Work to be completed: Could the data below please be reproduced word for word, without the pictures?

───── Records ─────

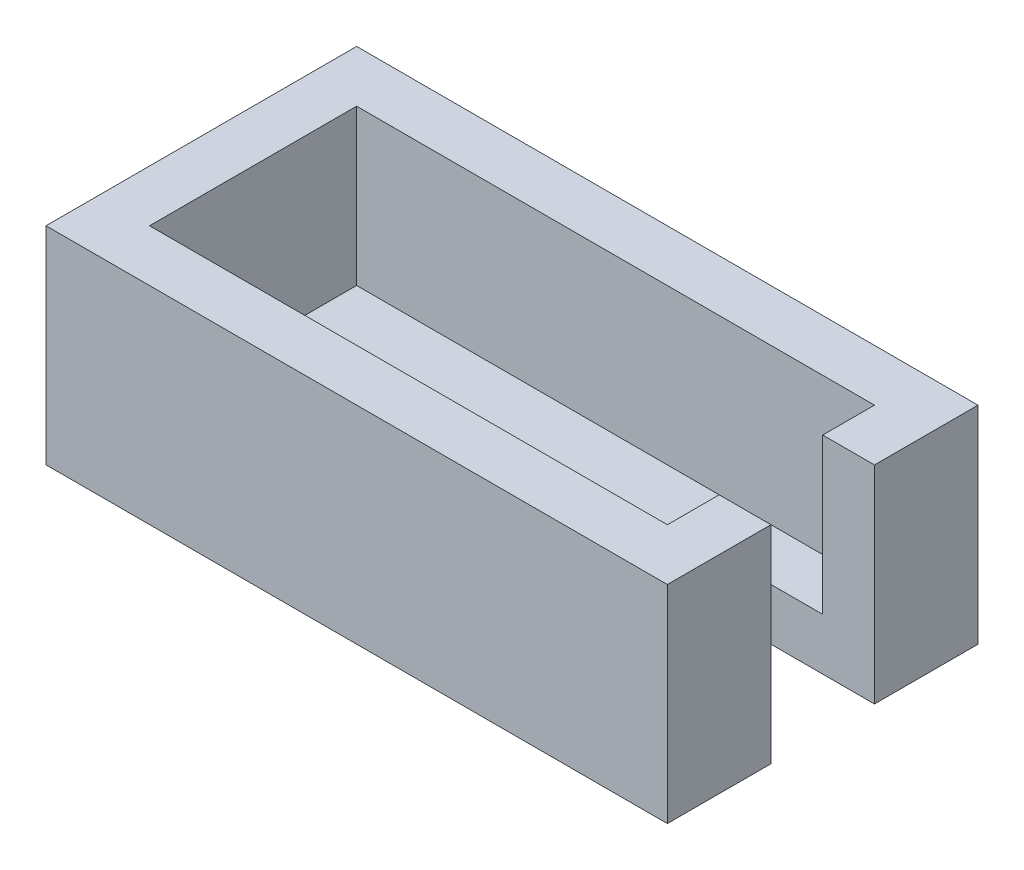
from build123d import *

# Parameters (mm, degrees)
SKETCH3_W           = 304.898736347
SKETCH3_H           = 152.426093062
BOSS_EXTRUDE1_DEPTH = 101.6
SKETCH4_W           = 63.5
SKETCH4_H           = 50.8
CUT_EXTRUDE1_DEPTH  = 147.32
SKETCH5_W           = 254.098736347
SKETCH5_H           = 101.626093062
SKETCH5_R           = 19.05
CUT_EXTRUDE2_DEPTH  = 76.2
CUT_EXTRUDE3_START  = 138.938
SKETCH7_R           = 19.05
CUT_EXTRUDE3_DEPTH  = 138.938


with BuildPart() as part:
    # Sketch3 → Boss-Extrude1 (new body)
    with BuildSketch(Plane(origin=(0, 0, 0), x_dir=(1, 0, 0), z_dir=(0, 1, 0))):
        with Locations((152.449368174, 76.213046531)):
            Rectangle(SKETCH3_W, SKETCH3_H)
    extrude(amount=BOSS_EXTRUDE1_DEPTH)

    # Sketch4 → Cut-Extrude1 (cut)
    with BuildSketch(Plane(origin=(0, 0, 0), x_dir=(1, 0, 0), z_dir=(0, 1, 0))):
        with Locations((273.148736347, 76.226093062)):
            Rectangle(SKETCH4_W, SKETCH4_H)
    extrude(amount=CUT_EXTRUDE1_DEPTH, mode=Mode.SUBTRACT)

    # Sketch5 → Cut-Extrude2 (cut)
    with BuildSketch(Plane(origin=(0, 101.6, 0), x_dir=(1, 0, 0), z_dir=(0, 1, 0))):
        with Locations((152.449368174, 76.213046531)):
            Rectangle(SKETCH5_W, SKETCH5_H)
        with Locations(Location((76.2, 76.226093062, 0), (0, 0, 270))):
            Circle(SKETCH5_R, mode=Mode.SUBTRACT)
        with Locations(Location((133.35, 76.226093062, 0), (0, 0, 270))):
            Circle(SKETCH5_R, mode=Mode.SUBTRACT)
        with Locations(Location((190.5, 76.226093062, 0), (0, 0, 270))):
            Circle(SKETCH5_R, mode=Mode.SUBTRACT)
    extrude(amount=-CUT_EXTRUDE2_DEPTH, mode=Mode.SUBTRACT)

    # Sketch7 → Cut-Extrude3 (cut)
    with BuildSketch(Plane(origin=(0, 0, 0), x_dir=(1, 0, 0), z_dir=(0, 1, 0)).offset(CUT_EXTRUDE3_START)):
        with Locations(Location((76.2, 76.226093062, 0), (0, 0, 270))):
            Circle(SKETCH7_R)
        with Locations(Location((133.35, 76.226093062, 0), (0, 0, 270))):
            Circle(SKETCH7_R)
        with Locations(Location((190.5, 76.226093062, 0), (0, 0, 270))):
            Circle(SKETCH7_R)
    extrude(amount=-CUT_EXTRUDE3_DEPTH, mode=Mode.SUBTRACT)


solid = part.part

─────

Solution:
from build123d import *

# Parameters (mm, degrees)
SKETCH3_W           = 304.898736347
SKETCH3_H           = 152.426093062
BOSS_EXTRUDE1_DEPTH = 101.6
SKETCH4_W           = 63.5
SKETCH4_H           = 50.8
CUT_EXTRUDE1_DEPTH  = 147.32
SKETCH5_W           = 254.098736347
SKETCH5_H           = 101.626093062
SKETCH5_R           = 19.05
CUT_EXTRUDE2_DEPTH  = 76.2
CUT_EXTRUDE3_START  = 138.938
SKETCH7_R           = 19.05
CUT_EXTRUDE3_DEPTH  = 138.938


with BuildPart() as part:
    # Sketch3 → Boss-Extrude1 (new body)
    with BuildSketch(Plane(origin=(0, 0, 0), x_dir=(1, 0, 0), z_dir=(0, 1, 0))):
        with Locations((152.449368174, 76.213046531)):
            Rectangle(SKETCH3_W, SKETCH3_H)
    extrude(amount=BOSS_EXTRUDE1_DEPTH)

    # Sketch4 → Cut-Extrude1 (cut)
    with BuildSketch(Plane(origin=(0, 0, 0), x_dir=(1, 0, 0), z_dir=(0, 1, 0))):
        with Locations((273.148736347, 76.226093062)):
            Rectangle(SKETCH4_W, SKETCH4_H)
    extrude(amount=CUT_EXTRUDE1_DEPTH, mode=Mode.SUBTRACT)

    # Sketch5 → Cut-Extrude2 (cut)
    with BuildSketch(Plane(origin=(0, 101.6, 0), x_dir=(1, 0, 0), z_dir=(0, 1, 0))):
        with Locations((152.449368174, 76.213046531)):
            Rectangle(SKETCH5_W, SKETCH5_H)
        with Locations(Location((76.2, 76.226093062, 0), (0, 0, 270))):
            Circle(SKETCH5_R, mode=Mode.SUBTRACT)
        with Locations(Location((133.35, 76.226093062, 0), (0, 0, 270))):
            Circle(SKETCH5_R, mode=Mode.SUBTRACT)
        with Locations(Location((190.5, 76.226093062, 0), (0, 0, 270))):
            Circle(SKETCH5_R, mode=Mode.SUBTRACT)
    extrude(amount=-CUT_EXTRUDE2_DEPTH, mode=Mode.SUBTRACT)

    # Sketch7 → Cut-Extrude3 (cut)
    with BuildSketch(Plane(origin=(0, 0, 0), x_dir=(1, 0, 0), z_dir=(0, 1, 0)).offset(CUT_EXTRUDE3_START)):
        with Locations(Location((76.2, 76.226093062, 0), (0, 0, 270))):
            Circle(SKETCH7_R)
        with Locations(Location((133.35, 76.226093062, 0), (0, 0, 270))):
            Circle(SKETCH7_R)
        with Locations(Location((190.5, 76.226093062, 0), (0, 0, 270))):
            Circle(SKETCH7_R)
    extrude(amount=-CUT_EXTRUDE3_DEPTH, mode=Mode.SUBTRACT)


solid = part.part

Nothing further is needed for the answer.